With the pictures left out, every record must be reproduced exactly.

Recorded data:
┄┄┄┄┄┄┄┄┄┄
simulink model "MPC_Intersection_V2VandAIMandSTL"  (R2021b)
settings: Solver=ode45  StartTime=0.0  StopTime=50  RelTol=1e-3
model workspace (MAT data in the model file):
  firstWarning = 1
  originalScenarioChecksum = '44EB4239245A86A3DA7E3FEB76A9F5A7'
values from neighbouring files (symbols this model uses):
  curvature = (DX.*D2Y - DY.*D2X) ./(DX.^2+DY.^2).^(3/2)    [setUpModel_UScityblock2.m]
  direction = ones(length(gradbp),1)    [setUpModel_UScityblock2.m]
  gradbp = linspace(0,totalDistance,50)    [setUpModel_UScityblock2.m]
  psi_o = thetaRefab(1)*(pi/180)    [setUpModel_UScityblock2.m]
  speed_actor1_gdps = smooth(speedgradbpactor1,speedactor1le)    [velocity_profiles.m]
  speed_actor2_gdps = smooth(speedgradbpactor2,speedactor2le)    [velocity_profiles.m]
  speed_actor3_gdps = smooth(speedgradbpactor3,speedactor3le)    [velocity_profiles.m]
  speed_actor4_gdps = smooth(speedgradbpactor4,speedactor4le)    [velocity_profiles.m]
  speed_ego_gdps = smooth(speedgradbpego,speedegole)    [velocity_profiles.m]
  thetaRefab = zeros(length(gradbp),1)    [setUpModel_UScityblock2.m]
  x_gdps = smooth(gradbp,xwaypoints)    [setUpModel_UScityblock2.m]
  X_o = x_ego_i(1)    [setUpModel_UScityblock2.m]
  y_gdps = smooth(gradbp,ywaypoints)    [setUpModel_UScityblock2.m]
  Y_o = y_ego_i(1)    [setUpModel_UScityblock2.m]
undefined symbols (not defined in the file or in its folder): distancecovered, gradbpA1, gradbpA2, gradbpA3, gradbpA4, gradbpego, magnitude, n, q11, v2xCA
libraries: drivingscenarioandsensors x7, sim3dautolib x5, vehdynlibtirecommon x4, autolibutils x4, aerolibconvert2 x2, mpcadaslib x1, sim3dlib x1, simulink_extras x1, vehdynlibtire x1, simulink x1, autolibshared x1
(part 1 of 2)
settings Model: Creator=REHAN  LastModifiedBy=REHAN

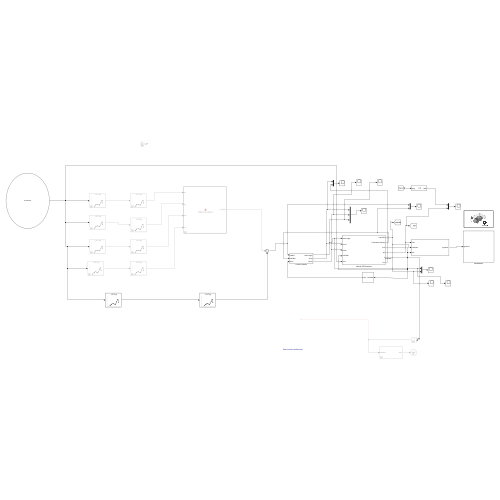
[thumbnail: Simulink's stored preview of the top-level diagram]
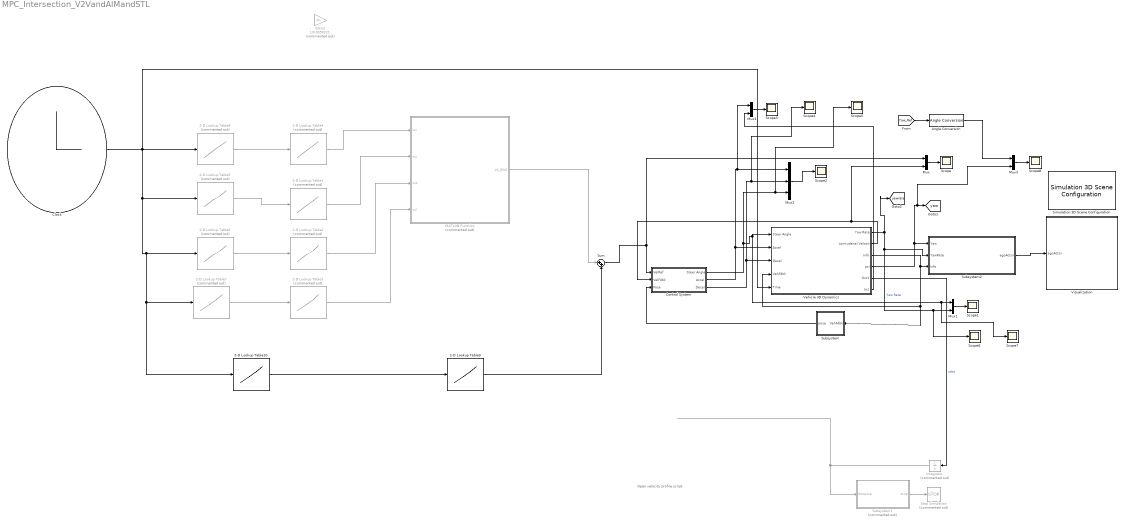
== system MPC_Intersection_V2VandAIMandSTL ==
  note: Open velocity profile script
  2-D Lookup Table1 : Lookup_n-D  Commented=on  NumberOfTableDimensions=1  BreakpointsForDimension1=gradbpA1  BreakpointsForDimension2=q11(:,2)  Table=speed_actor1_gdps  InterpMethod=Cubic spline  InternalRulePriority=Speed  RndMeth=Simplest  InputSameDT=on
  2-D Lookup Table10 : Lookup_n-D  NumberOfTableDimensions=1  BreakpointsForDimension1=n  BreakpointsForDimension2=q11(:,2)  Table=gradbpego  InterpMethod=Cubic spline  InternalRulePriority=Speed  RndMeth=Simplest  InputSameDT=on
  2-D Lookup Table2 : Lookup_n-D  Commented=on  NumberOfTableDimensions=1  BreakpointsForDimension1=gradbpA2  BreakpointsForDimension2=q11(:,2)  Table=speed_actor2_gdps  InterpMethod=Cubic spline  InternalRulePriority=Speed  RndMeth=Simplest  InputSameDT=on
  2-D Lookup Table3 : Lookup_n-D  Commented=on  NumberOfTableDimensions=1  BreakpointsForDimension1=gradbpA3  BreakpointsForDimension2=q11(:,2)  Table=speed_actor3_gdps  InterpMethod=Cubic spline  InternalRulePriority=Speed  RndMeth=Simplest  InputSameDT=on
  2-D Lookup Table4 : Lookup_n-D  Commented=on  NumberOfTableDimensions=1  BreakpointsForDimension1=gradbpA4  BreakpointsForDimension2=q11(:,2)  Table=speed_actor4_gdps  InterpMethod=Cubic spline  InternalRulePriority=Speed  RndMeth=Simplest  InputSameDT=on
  2-D Lookup Table5 : Lookup_n-D  Commented=on  NumberOfTableDimensions=1  BreakpointsForDimension1=n  BreakpointsForDimension2=q11(:,2)  Table=gradbpA1  InterpMethod=Cubic spline  InternalRulePriority=Speed  RndMeth=Simplest  InputSameDT=on
  2-D Lookup Table6 : Lookup_n-D  Commented=on  NumberOfTableDimensions=1  BreakpointsForDimension1=n  BreakpointsForDimension2=q11(:,2)  Table=gradbpA2  InterpMethod=Cubic spline  InternalRulePriority=Speed  RndMeth=Simplest  InputSameDT=on
  2-D Lookup Table7 : Lookup_n-D  Commented=on  NumberOfTableDimensions=1  BreakpointsForDimension1=n  BreakpointsForDimension2=q11(:,2)  Table=gradbpA3  InterpMethod=Cubic spline  InternalRulePriority=Speed  RndMeth=Simplest  InputSameDT=on
  2-D Lookup Table8 : Lookup_n-D  Commented=on  NumberOfTableDimensions=1  BreakpointsForDimension1=n  BreakpointsForDimension2=q11(:,2)  Table=gradbpA4  InterpMethod=Cubic spline  InternalRulePriority=Speed  RndMeth=Simplest  InputSameDT=on
  2-D Lookup Table9 : Lookup_n-D  NumberOfTableDimensions=1  BreakpointsForDimension1=gradbpego  BreakpointsForDimension2=q11(:,2)  Table=v2xCA  InterpMethod=Cubic spline  InternalRulePriority=Speed  RndMeth=Simplest  InputSameDT=on
  Angle Conversion : aerolibconvert2/Angle Conversion  IU=deg  OU=rad
  Clock : Clock
  Control System : Subsystem
  Gain2 : Gain  Commented=on  Gain=1/0.0058221
  Integrator : Integrator  Commented=on  InitialCondition=sqrt((X_o).^2+(Y_o).^2)
  MATLAB Function : MATLAB Function  Commented=on  TreatAsAtomicUnit=on
  Mux{,1,3..4} (4 alike) : Mux  Inputs=2
  Mux2 : Mux  Inputs=3
  Scope{,1..8} (9 alike) : Scope
  Simulation 3D Scene Configuration : sim3dlib/Simulation 3D Scene Configuration  Priority=0  ProjectFormat_internal=Default Scenes  ProjectFormat=Default Scenes  SceneDesc=US city block  ProjectName=C:\Program Files\MATLAB\R2021b\toolbox\shared\sim3d_projects\automotive_project\UE4\WindowsNoEditor\VehicleSimulation.exe  ScenePath=/Game/Maps/HwStrght  vehTagList={'Scene Origin';'SimulinkVehicle1';'SimulinkVehicle2';'SimulinkVehicle3';'SimulinkVehicle4';'SimulinkVehicle5'}  vehTag=SimulinkVehicle1  OpVisEn=off  Ts=1/60  EnableWindow=off  EnableWeather=off  SunAltitude=40.0  SunAzimuth=90  clouds=10  wind=1  fog=0  rain=79.0  sensorTag=MainCamera1  sensorId=1  sensorName=MainCamera1  mountLoc=Origin  offsetFlag=off  tmountOffset=[0, 0, 0]  rmountOffset=[0, 0, 0]  HorizontalResolution=1280  VerticalResolution=720  HorizontalFOV=60  mountPoint=[0 0 0]  mountOrientation=[0 0 0]  aMode=3  ID=1
      settings: SourceProductBaseCode=AE,DR,UV,VE
  Stop Simulation : Stop  Commented=on
  Subsystem : Subsystem
  Subsystem1 : Subsystem  Commented=on
  Subsystem2 : Subsystem
  Sum : Sum  Inputs=|++
  Vehicle 3D Dynamics : Subsystem
  "Visualization " : Subsystem
  tag scope: yaw=global, yawrate=global
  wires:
┄┄┄┄┄┄┄┄┄┄
Response to the task:
simulink model "MPC_Intersection_V2VandAIMandSTL"  (R2021b)
settings: Solver=ode45  StartTime=0.0  StopTime=50  RelTol=1e-3
model workspace (MAT data in the model file):
  firstWarning = 1
  originalScenarioChecksum = '44EB4239245A86A3DA7E3FEB76A9F5A7'
values from neighbouring files (symbols this model uses):
  curvature = (DX.*D2Y - DY.*D2X) ./(DX.^2+DY.^2).^(3/2)    [setUpModel_UScityblock2.m]
  direction = ones(length(gradbp),1)    [setUpModel_UScityblock2.m]
  gradbp = linspace(0,totalDistance,50)    [setUpModel_UScityblock2.m]
  psi_o = thetaRefab(1)*(pi/180)    [setUpModel_UScityblock2.m]
  speed_actor1_gdps = smooth(speedgradbpactor1,speedactor1le)    [velocity_profiles.m]
  speed_actor2_gdps = smooth(speedgradbpactor2,speedactor2le)    [velocity_profiles.m]
  speed_actor3_gdps = smooth(speedgradbpactor3,speedactor3le)    [velocity_profiles.m]
  speed_actor4_gdps = smooth(speedgradbpactor4,speedactor4le)    [velocity_profiles.m]
  speed_ego_gdps = smooth(speedgradbpego,speedegole)    [velocity_profiles.m]
  thetaRefab = zeros(length(gradbp),1)    [setUpModel_UScityblock2.m]
  x_gdps = smooth(gradbp,xwaypoints)    [setUpModel_UScityblock2.m]
  X_o = x_ego_i(1)    [setUpModel_UScityblock2.m]
  y_gdps = smooth(gradbp,ywaypoints)    [setUpModel_UScityblock2.m]
  Y_o = y_ego_i(1)    [setUpModel_UScityblock2.m]
undefined symbols (not defined in the file or in its folder): distancecovered, gradbpA1, gradbpA2, gradbpA3, gradbpA4, gradbpego, magnitude, n, q11, v2xCA
libraries: drivingscenarioandsensors x7, sim3dautolib x5, vehdynlibtirecommon x4, autolibutils x4, aerolibconvert2 x2, mpcadaslib x1, sim3dlib x1, simulink_extras x1, vehdynlibtire x1, simulink x1, autolibshared x1
(part 1 of 2)
settings Model: Creator=REHAN  LastModifiedBy=REHAN

[thumbnail: Simulink's stored preview of the top-level diagram]
== system MPC_Intersection_V2VandAIMandSTL ==
  note: Open velocity profile script
  2-D Lookup Table1 : Lookup_n-D  Commented=on  NumberOfTableDimensions=1  BreakpointsForDimension1=gradbpA1  BreakpointsForDimension2=q11(:,2)  Table=speed_actor1_gdps  InterpMethod=Cubic spline  InternalRulePriority=Speed  RndMeth=Simplest  InputSameDT=on
  2-D Lookup Table10 : Lookup_n-D  NumberOfTableDimensions=1  BreakpointsForDimension1=n  BreakpointsForDimension2=q11(:,2)  Table=gradbpego  InterpMethod=Cubic spline  InternalRulePriority=Speed  RndMeth=Simplest  InputSameDT=on
  2-D Lookup Table2 : Lookup_n-D  Commented=on  NumberOfTableDimensions=1  BreakpointsForDimension1=gradbpA2  BreakpointsForDimension2=q11(:,2)  Table=speed_actor2_gdps  InterpMethod=Cubic spline  InternalRulePriority=Speed  RndMeth=Simplest  InputSameDT=on
  2-D Lookup Table3 : Lookup_n-D  Commented=on  NumberOfTableDimensions=1  BreakpointsForDimension1=gradbpA3  BreakpointsForDimension2=q11(:,2)  Table=speed_actor3_gdps  InterpMethod=Cubic spline  InternalRulePriority=Speed  RndMeth=Simplest  InputSameDT=on
  2-D Lookup Table4 : Lookup_n-D  Commented=on  NumberOfTableDimensions=1  BreakpointsForDimension1=gradbpA4  BreakpointsForDimension2=q11(:,2)  Table=speed_actor4_gdps  InterpMethod=Cubic spline  InternalRulePriority=Speed  RndMeth=Simplest  InputSameDT=on
  2-D Lookup Table5 : Lookup_n-D  Commented=on  NumberOfTableDimensions=1  BreakpointsForDimension1=n  BreakpointsForDimension2=q11(:,2)  Table=gradbpA1  InterpMethod=Cubic spline  InternalRulePriority=Speed  RndMeth=Simplest  InputSameDT=on
  2-D Lookup Table6 : Lookup_n-D  Commented=on  NumberOfTableDimensions=1  BreakpointsForDimension1=n  BreakpointsForDimension2=q11(:,2)  Table=gradbpA2  InterpMethod=Cubic spline  InternalRulePriority=Speed  RndMeth=Simplest  InputSameDT=on
  2-D Lookup Table7 : Lookup_n-D  Commented=on  NumberOfTableDimensions=1  BreakpointsForDimension1=n  BreakpointsForDimension2=q11(:,2)  Table=gradbpA3  InterpMethod=Cubic spline  InternalRulePriority=Speed  RndMeth=Simplest  InputSameDT=on
  2-D Lookup Table8 : Lookup_n-D  Commented=on  NumberOfTableDimensions=1  BreakpointsForDimension1=n  BreakpointsForDimension2=q11(:,2)  Table=gradbpA4  InterpMethod=Cubic spline  InternalRulePriority=Speed  RndMeth=Simplest  InputSameDT=on
  2-D Lookup Table9 : Lookup_n-D  NumberOfTableDimensions=1  BreakpointsForDimension1=gradbpego  BreakpointsForDimension2=q11(:,2)  Table=v2xCA  InterpMethod=Cubic spline  InternalRulePriority=Speed  RndMeth=Simplest  InputSameDT=on
  Angle Conversion : aerolibconvert2/Angle Conversion  IU=deg  OU=rad
  Clock : Clock
  Control System : Subsystem
  Gain2 : Gain  Commented=on  Gain=1/0.0058221
  Integrator : Integrator  Commented=on  InitialCondition=sqrt((X_o).^2+(Y_o).^2)
  MATLAB Function : MATLAB Function  Commented=on  TreatAsAtomicUnit=on
  Mux{,1,3..4} (4 alike) : Mux  Inputs=2
  Mux2 : Mux  Inputs=3
  Scope{,1..8} (9 alike) : Scope
  Simulation 3D Scene Configuration : sim3dlib/Simulation 3D Scene Configuration  Priority=0  ProjectFormat_internal=Default Scenes  ProjectFormat=Default Scenes  SceneDesc=US city block  ProjectName=C:\Program Files\MATLAB\R2021b\toolbox\shared\sim3d_projects\automotive_project\UE4\WindowsNoEditor\VehicleSimulation.exe  ScenePath=/Game/Maps/HwStrght  vehTagList={'Scene Origin';'SimulinkVehicle1';'SimulinkVehicle2';'SimulinkVehicle3';'SimulinkVehicle4';'SimulinkVehicle5'}  vehTag=SimulinkVehicle1  OpVisEn=off  Ts=1/60  EnableWindow=off  EnableWeather=off  SunAltitude=40.0  SunAzimuth=90  clouds=10  wind=1  fog=0  rain=79.0  sensorTag=MainCamera1  sensorId=1  sensorName=MainCamera1  mountLoc=Origin  offsetFlag=off  tmountOffset=[0, 0, 0]  rmountOffset=[0, 0, 0]  HorizontalResolution=1280  VerticalResolution=720  HorizontalFOV=60  mountPoint=[0 0 0]  mountOrientation=[0 0 0]  aMode=3  ID=1
      settings: SourceProductBaseCode=AE,DR,UV,VE
  Stop Simulation : Stop  Commented=on
  Subsystem : Subsystem
  Subsystem1 : Subsystem  Commented=on
  Subsystem2 : Subsystem
  Sum : Sum  Inputs=|++
  Vehicle 3D Dynamics : Subsystem
  "Visualization " : Subsystem
  tag scope: yaw=global, yawrate=global
  wires:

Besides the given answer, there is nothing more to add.